The Long awaited Gargoyle Gecko Book is finally in stock and ready to ship.
155 Pages and hundreds of color photo's.
Philippe de Vosjoli, Allen Repashy, Frank Fast
As our original work on the care of New Caledonian geckos,
Rhacodactylus, was nearing being sold out, we decided that the first
in the four-volume updated 600-page replacement set would focus
on gargoyle geckos. The question that came to our minds was how
can a species with so many great qualities still be so poorly known
and under marketed? Gargoyle geckos achieve a substantial size,
are relatively calm and handleable pets, are probably the easiest to
maintain of all the reptiles, and come in a great variety of color and
patterns as well as some variation in form. This book represents our
endeavor to rectify this situation.
Gargoyle geckos (Rhacodactylus auriculatus) were the first
members of the genus Rhacodactylus to become available to
hobbyists. Europeans first acquired them in the late 1970s. The first
captive-bred offspring reached the US by the mid-80s and they were
first bred in the US by Tim Tytle in 1987. The first ones imported
were of the classic reticulated type with tan and brown colors.

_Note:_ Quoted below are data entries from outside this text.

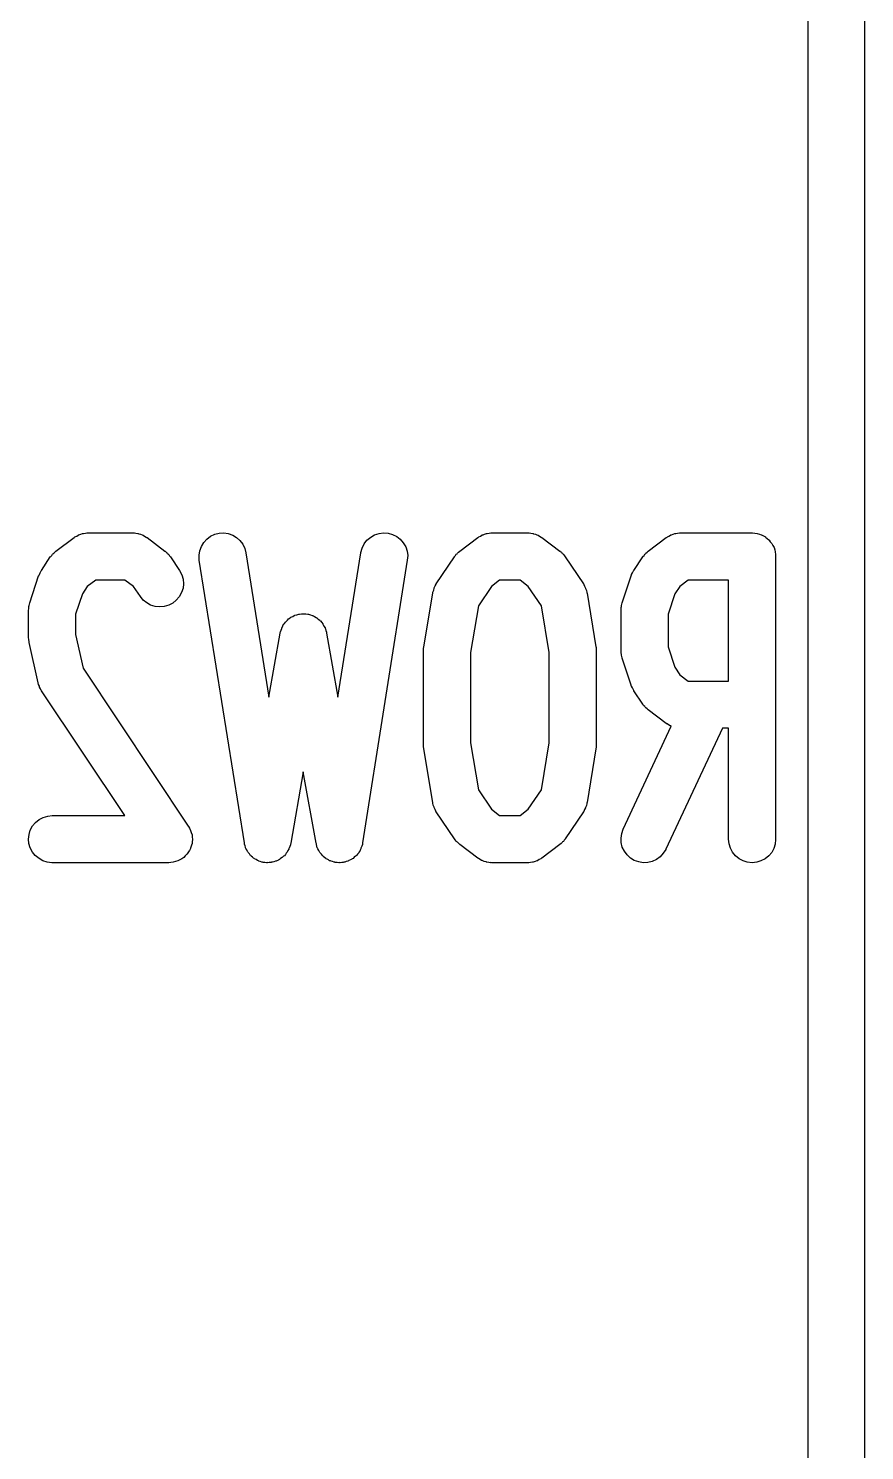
# Model space of a CAD drawing. Extents: x 85 to 230, y -159 to -77.
# Drawn here: x 205.582 to 207.8, y -100.879 to -97.106 of the extents above; entities that cross this region are included whole.
import ezdxf

# ---------------------------------------------------------------- set-up
doc = ezdxf.new("R2010")
doc.units = 0
doc.header["$MEASUREMENT"] = 0
doc.layers.add('BLACK', color=7, linetype='CONTINUOUS')

msp = doc.modelspace()

# ---------------------------------------------------------------- linework, layer by layer
at = {"layer": 'BLACK', "linetype": 'CONTINUOUS'}
for p, q in [((207.65, -107.677), (207.65, -77.2042)), ((207.8, -77.2755), (207.8, -107.606)), ((205.655, -98.4925), (205.703, -98.4568)), ((205.703, -98.4563), (205.704, -98.4556)), ((205.703, -98.4568), (205.703, -98.4563)), ((205.704, -98.4556), (205.705, -98.4547)), ((205.705, -98.4547), (205.71, -98.4525)), ((205.71, -98.4525), (205.714, -98.4501)), ((205.714, -98.4501), (205.715, -98.4496)), ((205.715, -98.4496), (205.716, -98.449)), ((205.716, -98.449), (205.721, -98.4476)), ((205.721, -98.4476), (205.725, -98.4461)), ((205.725, -98.4461), (205.727, -98.4459)), ((205.727, -98.4459), (205.728, -98.4455)), ((205.728, -98.4455), (205.733, -98.445)), ((205.733, -98.445), (205.737, -98.4444)), ((205.737, -98.4444), (205.739, -98.4444)), ((205.739, -98.4444), (205.74, -98.4443)), ((205.74, -98.4443), (205.859, -98.4443)), ((205.859, -98.4443), (205.86, -98.4443)), ((205.86, -98.4443), (205.861, -98.4445)), ((205.861, -98.4445), (205.863, -98.4444)), ((205.863, -98.4444), (205.867, -98.4451)), ((205.867, -98.4451), (205.872, -98.4457)), ((205.872, -98.4457), (205.873, -98.4461)), ((205.873, -98.4461), (205.875, -98.4463)), ((205.875, -98.4463), (205.879, -98.4479)), ((205.879, -98.4479), (205.884, -98.4493)), ((205.884, -98.4493), (205.885, -98.45)), ((205.885, -98.45), (205.886, -98.4505)), ((205.886, -98.4505), (205.89, -98.4529)), ((205.89, -98.4529), (205.894, -98.4552)), ((205.894, -98.4552), (205.895, -98.4561)), ((205.895, -98.4561), (205.897, -98.4568)), ((205.897, -98.4568), (205.944, -98.4925)), ((206.041, -98.48), (206.047, -98.4695)), ((206.047, -98.4695), (206.055, -98.4605)), ((206.055, -98.4605), (206.065, -98.4532)), ((206.065, -98.4532), (206.076, -98.448)), ((206.076, -98.448), (206.088, -98.445)), ((206.088, -98.445), (206.1, -98.4444)), ((206.1, -98.4444), (206.112, -98.4461)), ((206.112, -98.4461), (206.124, -98.4501)), ((206.124, -98.4501), (206.134, -98.4563)), ((206.134, -98.4563), (206.143, -98.4645)), ((206.143, -98.4645), (206.151, -98.4742)), ((206.151, -98.4742), (206.156, -98.4852)), ((206.467, -98.4844), (206.473, -98.4735)), ((206.473, -98.4735), (206.48, -98.4638)), ((206.48, -98.4638), (206.49, -98.4558)), ((206.49, -98.4558), (206.5, -98.4498)), ((206.5, -98.4498), (206.512, -98.4459)), ((206.512, -98.4459), (206.524, -98.4443)), ((206.524, -98.4443), (206.536, -98.4451)), ((206.536, -98.4451), (206.548, -98.4483)), ((206.548, -98.4483), (206.559, -98.4537)), ((206.559, -98.4537), (206.568, -98.4611)), ((206.568, -98.4611), (206.576, -98.4703)), ((206.576, -98.4703), (206.583, -98.4808)), ((206.726, -98.4925), (206.774, -98.4568)), ((206.774, -98.4568), (206.775, -98.4563)), ((206.775, -98.4563), (206.776, -98.4556)), ((206.776, -98.4556), (206.777, -98.4547)), ((206.777, -98.4547), (206.781, -98.4525)), ((206.781, -98.4525), (206.785, -98.4501)), ((206.785, -98.4501), (206.786, -98.4496)), ((206.786, -98.4496), (206.788, -98.449)), ((206.788, -98.449), (206.792, -98.4476)), ((206.792, -98.4476), (206.797, -98.4461)), ((206.797, -98.4461), (206.798, -98.4459)), ((206.798, -98.4459), (206.799, -98.4455)), ((206.799, -98.4455), (206.804, -98.445)), ((206.804, -98.445), (206.809, -98.4444)), ((206.809, -98.4444), (206.81, -98.4444)), ((206.81, -98.4444), (206.811, -98.4443)), ((206.811, -98.4443), (206.907, -98.4443)), ((206.907, -98.4443), (206.908, -98.4443)), ((206.908, -98.4443), (206.909, -98.4445)), ((206.909, -98.4445), (206.91, -98.4444)), ((206.91, -98.4444), (206.915, -98.4451)), ((206.915, -98.4451), (206.92, -98.4457)), ((206.92, -98.4457), (206.921, -98.4461)), ((206.921, -98.4461), (206.922, -98.4463)), ((206.922, -98.4463), (206.927, -98.4479)), ((206.927, -98.4479), (206.931, -98.4493)), ((206.931, -98.4493), (206.933, -98.45)), ((206.933, -98.45), (206.934, -98.4505)), ((206.934, -98.4505), (206.938, -98.4529)), ((206.938, -98.4529), (206.942, -98.4552)), ((206.942, -98.4552), (206.943, -98.4561)), ((206.943, -98.4561), (206.944, -98.4568)), ((206.944, -98.4568), (206.992, -98.4925)), ((207.226, -98.4925), (207.274, -98.4568)), ((207.274, -98.4568), (207.275, -98.4563)), ((207.275, -98.4563), (207.276, -98.4556)), ((207.276, -98.4556), (207.277, -98.4547)), ((207.277, -98.4547), (207.281, -98.4525)), ((207.281, -98.4525), (207.285, -98.4501)), ((207.285, -98.4501), (207.286, -98.4496)), ((207.286, -98.4496), (207.288, -98.449)), ((207.288, -98.449), (207.292, -98.4476)), ((207.292, -98.4476), (207.297, -98.4461)), ((207.297, -98.4461), (207.298, -98.4459)), ((207.298, -98.4459), (207.299, -98.4455)), ((207.299, -98.4455), (207.304, -98.445)), ((207.304, -98.445), (207.309, -98.4444)), ((207.309, -98.4444), (207.31, -98.4444)), ((207.31, -98.4444), (207.311, -98.4443)), ((207.311, -98.4443), (207.502, -98.4443)), ((207.502, -98.4443), (207.502, -98.4443)), ((207.502, -98.4443), (207.502, -98.4443)), ((207.502, -98.4443), (207.503, -98.4443)), ((207.502, -98.4443), (207.502, -98.4443)), ((207.503, -98.4443), (207.509, -98.445)), ((207.509, -98.445), (207.515, -98.4456)), ((207.515, -98.4456), (207.515, -98.4456)), ((207.515, -98.4456), (207.515, -98.4457)), ((207.515, -98.4457), (207.521, -98.4474)), ((207.521, -98.4474), (207.526, -98.4492)), ((207.526, -98.4492), (207.526, -98.4493)), ((207.526, -98.4493), (207.527, -98.4493)), ((207.527, -98.4493), (207.532, -98.4522)), ((207.532, -98.4522), (207.537, -98.455)), ((207.537, -98.455), (207.537, -98.4551)), ((207.537, -98.4551), (207.537, -98.4552)), ((207.537, -98.4552), (207.542, -98.459)), ((207.542, -98.459), (207.546, -98.4628)), ((207.546, -98.4628), (207.546, -98.4629)), ((207.546, -98.4629), (207.547, -98.4631)), ((207.547, -98.4631), (207.55, -98.4677)), ((207.55, -98.4677), (207.554, -98.4722)), ((207.554, -98.4722), (207.554, -98.4724)), ((207.554, -98.4724), (207.554, -98.4726)), ((207.554, -98.4726), (207.557, -98.4778)), ((207.557, -98.4778), (207.56, -98.483)), ((205.617, -98.5436), (205.64, -98.5078)), ((205.64, -98.5078), (205.641, -98.5071)), ((205.641, -98.5071), (205.644, -98.504)), ((205.644, -98.504), (205.646, -98.5007)), ((205.646, -98.5007), (205.647, -98.4994)), ((205.647, -98.4994), (205.649, -98.4978)), ((205.649, -98.4978), (205.652, -98.4953)), ((205.652, -98.4953), (205.655, -98.4925)), ((205.944, -98.4925), (205.945, -98.493)), ((205.945, -98.493), (205.948, -98.4958)), ((205.948, -98.4958), (205.951, -98.4984)), ((205.951, -98.4984), (205.952, -98.5)), ((205.952, -98.5), (205.954, -98.5014)), ((205.954, -98.5014), (205.956, -98.5047)), ((205.956, -98.5047), (205.959, -98.5078)), ((205.959, -98.5078), (205.983, -98.5436)), ((206.035, -98.5035), (206.037, -98.4915)), ((206.035, -98.5157), (206.035, -98.5035)), ((206.035, -98.5166), (206.035, -98.5157)), ((206.155, -99.2666), (206.035, -98.5166)), ((206.037, -98.4915), (206.041, -98.48)), ((206.156, -98.4852), (206.159, -98.497)), ((206.159, -98.497), (206.22, -98.8801)), ((206.403, -98.8801), (206.464, -98.497)), ((206.464, -98.4961), (206.467, -98.4844)), ((206.464, -98.497), (206.464, -98.4961)), ((206.587, -98.5166), (206.468, -99.2666)), ((206.583, -98.4808), (206.587, -98.4923)), ((206.587, -98.4923), (206.588, -98.5044)), ((206.588, -98.5044), (206.587, -98.5166)), ((206.664, -98.5793), (206.712, -98.5078)), ((206.712, -98.5071), (206.715, -98.504)), ((206.712, -98.5078), (206.712, -98.5071)), ((206.715, -98.504), (206.717, -98.5007)), ((206.717, -98.5007), (206.719, -98.4994)), ((206.719, -98.4994), (206.72, -98.4978)), ((206.72, -98.4978), (206.723, -98.4953)), ((206.723, -98.4953), (206.726, -98.4925)), ((206.992, -98.4925), (206.993, -98.493)), ((206.993, -98.493), (206.995, -98.4958)), ((206.995, -98.4958), (206.999, -98.4984)), ((206.999, -98.4984), (207, -98.5)), ((207, -98.5), (207.001, -98.5014)), ((207.001, -98.5014), (207.004, -98.5047)), ((207.004, -98.5047), (207.006, -98.5078)), ((207.006, -98.5078), (207.054, -98.5793)), ((207.188, -98.5436), (207.212, -98.5078)), ((207.212, -98.5071), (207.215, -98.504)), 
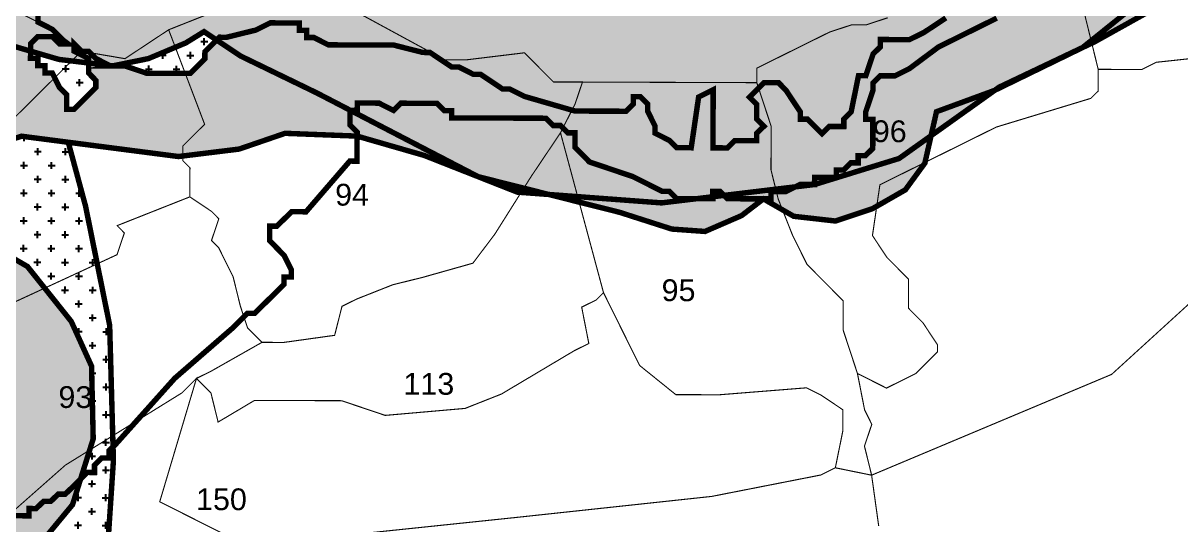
# Model space of a CAD drawing. Header units: metres. Extents: x 349383 to 353359, y 1753011 to 1755617.
# Drawn here: x 351698 to 352355, y 1754612 to 1754897 of the extents above; entities that cross this region are included whole.
import ezdxf

# ---------------------------------------------------------------- set-up
doc = ezdxf.new("R2010")
doc.units = ezdxf.units.M
doc.layers.add('500M CRZ LINE', color=7, linetype='Continuous', true_color=0xa73800)
doc.layers.add('HIGH TIDE LINE', color=7, linetype='Continuous', true_color=0xff00c5)
for name, color, linetype in [('CRZ LINE FOR RIVER OR CREEK', 84, 'Continuous'), ('HAZARDS LINE', 1, 'Continuous'), ('INTERTIDAL ZONE', 5, 'Continuous'), ('MANGROOVES', 112, 'Continuous'), ('NDZ-200M FROM CRZ', 30, 'Continuous'), ('NDZ-500M FROM CRZ', 2, 'Continuous'), ('SURVEY NO.', 7, 'Continuous'), ('SURVEY PLOT BOUNDARY', 35, 'Continuous')]:
    doc.layers.add(name, color=color, linetype=linetype)
doc.styles.add('PDF Arial', font='arial.ttf')
pattern_1 = [(359.799348, (308968.011, 1739421.178), (7.8863897, 7.8313453), [3.9294578, -11.7883735]), (89.799348, (308969.969, 1739419.206), (-7.8313453, 7.8863897), [3.9294578, -11.7883735])]

msp = doc.modelspace()

# ---------------------------------------------------------------- hatches: boundary and pattern name
at = {"layer": 'INTERTIDAL ZONE'}
h = msp.add_hatch(dxfattribs=at)
h.set_pattern_fill('CROSS', color=256, scale=1.237625, angle=-0.20065)
h.set_pattern_definition(pattern_1)
h.paths.add_polyline_path([(351800.85, 1754881.2), (351804.99, 1754885.31), (351807.52, 1754887.83), (351800.36, 1754892.59), (351790.04, 1754886.2), (351768.77, 1754877.27), (351748.49, 1754873.13), (351755.44, 1754873.11), (351767.8, 1754868.94), (351792.55, 1754868.85), (351796.69, 1754872.96), (351800.83, 1754877.08)])
h = msp.add_hatch(dxfattribs=at)
h.set_pattern_fill('CROSS', color=256, scale=1.237625, angle=-0.20065)
h.set_pattern_definition(pattern_1)
h.paths.add_polyline_path([(351734.8, 1754869.05), (351734.82, 1754874.78), (351717.94, 1754876.81), (351701.85, 1754881.51), (351701.83, 1754877.42), (351705.96, 1754877.41), (351705.94, 1754873.28), (351710.07, 1754873.27), (351710.05, 1754869.14), (351714.18, 1754869.13), (351718.27, 1754860.86), (351722.39, 1754856.72), (351722.36, 1754848.47), (351726.48, 1754848.46), (351730.62, 1754852.57), (351734.76, 1754856.68), (351738.9, 1754860.79), (351738.91, 1754864.91)])
at = {"layer": 'MANGROOVES'}
h = msp.add_hatch(dxfattribs=at)
h.set_pattern_fill('GRASS', color=256, scale=0.618812, angle=-0.20065)
h.set_pattern_definition([(89.79935, (332742.333, 1740627.218), (-11.0751947, 11.1530393), [2.947093, -19.281277]), (44.79935, (332742.333, 1740627.218), (-11.075195, 11.153039), [2.947093, -12.770738]), (134.79935, (332742.333, 1740627.218), (-11.153039, -11.075195), [2.947093, -12.770738])])
h.paths.add_polyline_path([(352036.45, 1755016.53), (352032.32, 1755012.42), (352019.98, 1755024.84), (352003.58, 1755053.77), (351974.78, 1755074.5), (351945.93, 1755082.86), (351904.68, 1755083), (351875.81, 1755083.1), (351863.42, 1755079.02), (351830.35, 1755058.51), (351778.13, 1755049.2), (351735.47, 1755058.84), (351710.76, 1755071.3), (351686.07, 1755087.89), (351669.6, 1755096.2), (351648.99, 1755100.4), (351636.61, 1755100.44), (351620.1, 1755096.37), (351595.33, 1755092.34), (351578.82, 1755088.27), (351558.16, 1755080.09), (351541.6, 1755063.64), (351537.44, 1755051.28), (351529.13, 1755034.81), (351520.75, 1754997.7), (351512.28, 1754935.85), (351508.07, 1754911.11), (351508.03, 1754898.73), (351511.34, 1754878.05), (351526.29, 1754844.49), (351551.09, 1754818.06), (351585.71, 1754809.39), (351615.98, 1754817), (351639.83, 1754828.17), (351655.64, 1754840.34), (351666.95, 1754852.84), (351668.31, 1754874.7), (351668.07, 1754897.85), (351687.97, 1754885.56), (351717.94, 1754876.81), (351748.49, 1754873.13), (351768.77, 1754877.27), (351790.04, 1754886.2), (351800.36, 1754892.59), (351821.23, 1754878.69), (351864.69, 1754857.62), (351956.04, 1754810.18), (352036.44, 1754789.92), (352066.04, 1754780.42), (352084.87, 1754779.06), (352105.69, 1754788.08), (352118.06, 1754797.57), (352135.29, 1754787.67), (352158.99, 1754784.99), (352180.12, 1754792.06), (352198.67, 1754802.7), (352209.77, 1754817.92), (352216.36, 1754847.1), (352249.42, 1754859.24), (352299.43, 1754883.61), (352348.55, 1754923.07), (352366.49, 1754945.4), (352375.35, 1754970.03), (352381.83, 1755059.05), (352374.42, 1755075.96), (352360.19, 1755094.51), (352367.74, 1755116.67), (352373.52, 1755162.08), (352385.54, 1755193), (352387.78, 1755213.33), (352383.74, 1755238.1), (352378.6, 1755248.85), (352361.96, 1755260.94), (352342.94, 1755267.14), (352319.54, 1755264.63), (352269.89, 1755242.3), (352235.08, 1755193.24), (352188.91, 1755185.22), (352168.75, 1755178.15), (352150.24, 1755180.48), (352124.62, 1755189.98), (352105.47, 1755196.96), (352017.4, 1755179.7), (351975.37, 1755162.23), (351957.13, 1755146.72), (351946.09, 1755128.24), (351917.45, 1755130.95), (351877.09, 1755129.78), (351840.68, 1755117.9), (351808.59, 1755088.51), (351761.36, 1755084.27), (351797.4, 1755075.12), (351818.04, 1755079.18), (351867.57, 1755087.26), (351892.35, 1755095.42), (351969.55, 1755095.15), (352011.86, 1755062), (352028.25, 1755028.93)])
at = {"layer": 'NDZ-200M FROM CRZ'}
h = msp.add_hatch(dxfattribs=at)
h.set_pattern_fill('CROSS', color=256, scale=1.237625, angle=-0.20065)
h.set_pattern_definition(pattern_1)
h.paths.add_polyline_path([(352052.36, 1754847.31), (352052.38, 1754851.44), (352048.27, 1754855.58), (352044.14, 1754855.59), (352044.13, 1754851.47), (352039.99, 1754847.36), (352011.11, 1754847.46), (351982.27, 1754855.81), (351974.03, 1754859.97), (351969.9, 1754859.98), (351957.56, 1754868.27), (351953.43, 1754868.29), (351945.2, 1754872.44), (351941.07, 1754872.46), (351928.73, 1754880.75), (351924.6, 1754880.77), (351908.11, 1754884.95), (351870.99, 1754885.08), (351862.75, 1754889.24), (351858.63, 1754889.25), (351858.64, 1754893.38), (351854.52, 1754893.39), (351854.53, 1754897.52), (351838.03, 1754897.57), (351829.77, 1754893.48), (351813.25, 1754889.41), (351809.13, 1754889.42), (351804.99, 1754885.31), (351800.85, 1754881.2), (351800.83, 1754877.08), (351796.69, 1754872.96), (351792.55, 1754868.85), (351767.8, 1754868.94), (351755.44, 1754873.11), (351748.49, 1754873.13), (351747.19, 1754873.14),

Limited availability and consequently exposure to the public
repressed their potential popularity. Another factor was timing.
They appeared on the herp scene at a dynamic period when a
variety of bright-colored species with more obvious financial
potential (Malagasy day geckos and chameleons, bearded dragons,
and blue tongue skinks) became available. Then in 1995, crested
geckos and other Rhacodactylusentered the market, again diverting
attention away from the comparatively drab gargoyle geckos. It
wasn’t until the increased availability of bold-colored orange-striped
and orange-blotched gargoyle geckos in the late 90s and early 2000s
that a few gecko specialists started focusing on this species. These
pioneer hobbyists realized this was a lizard that could become bright
orange or red, possibly the brightest orange/red lizard in the world,
and they put effort into selective breeding to increase the amount
of those colors. Author Allen Repashy was the first to strive toward
commercial-scale production of this species, acquiring a diverse
gene pool from both European and American hobbyists. An
examination of his collection and others, a total of over a thousand
animals, led us to conclude that the gargoyle gecko was a lizard that
could also become bright pink, bright white, mostly black, or bright
yellow. Its eye color could range from a bluish white to near black.
It turned out that gargoyle geckos display the greatest variation in
color and pattern of any lizard species, their potential for designer
breeding of living art nearly unlimited. Of course, a reptile may
display beautiful coloration but, like many of the snakes, remain
concealed for such extended periods of time that the enjoyment of
keeping and observing it becomes a very limited experience. This
is not the case with gargoyle geckos. Although primarily active at
night, they commonly rest exposed on branches or in foliage during
the day. This feature makes them outstanding display animals in
naturalistic vivariums for both hobbyists and zoological institutions.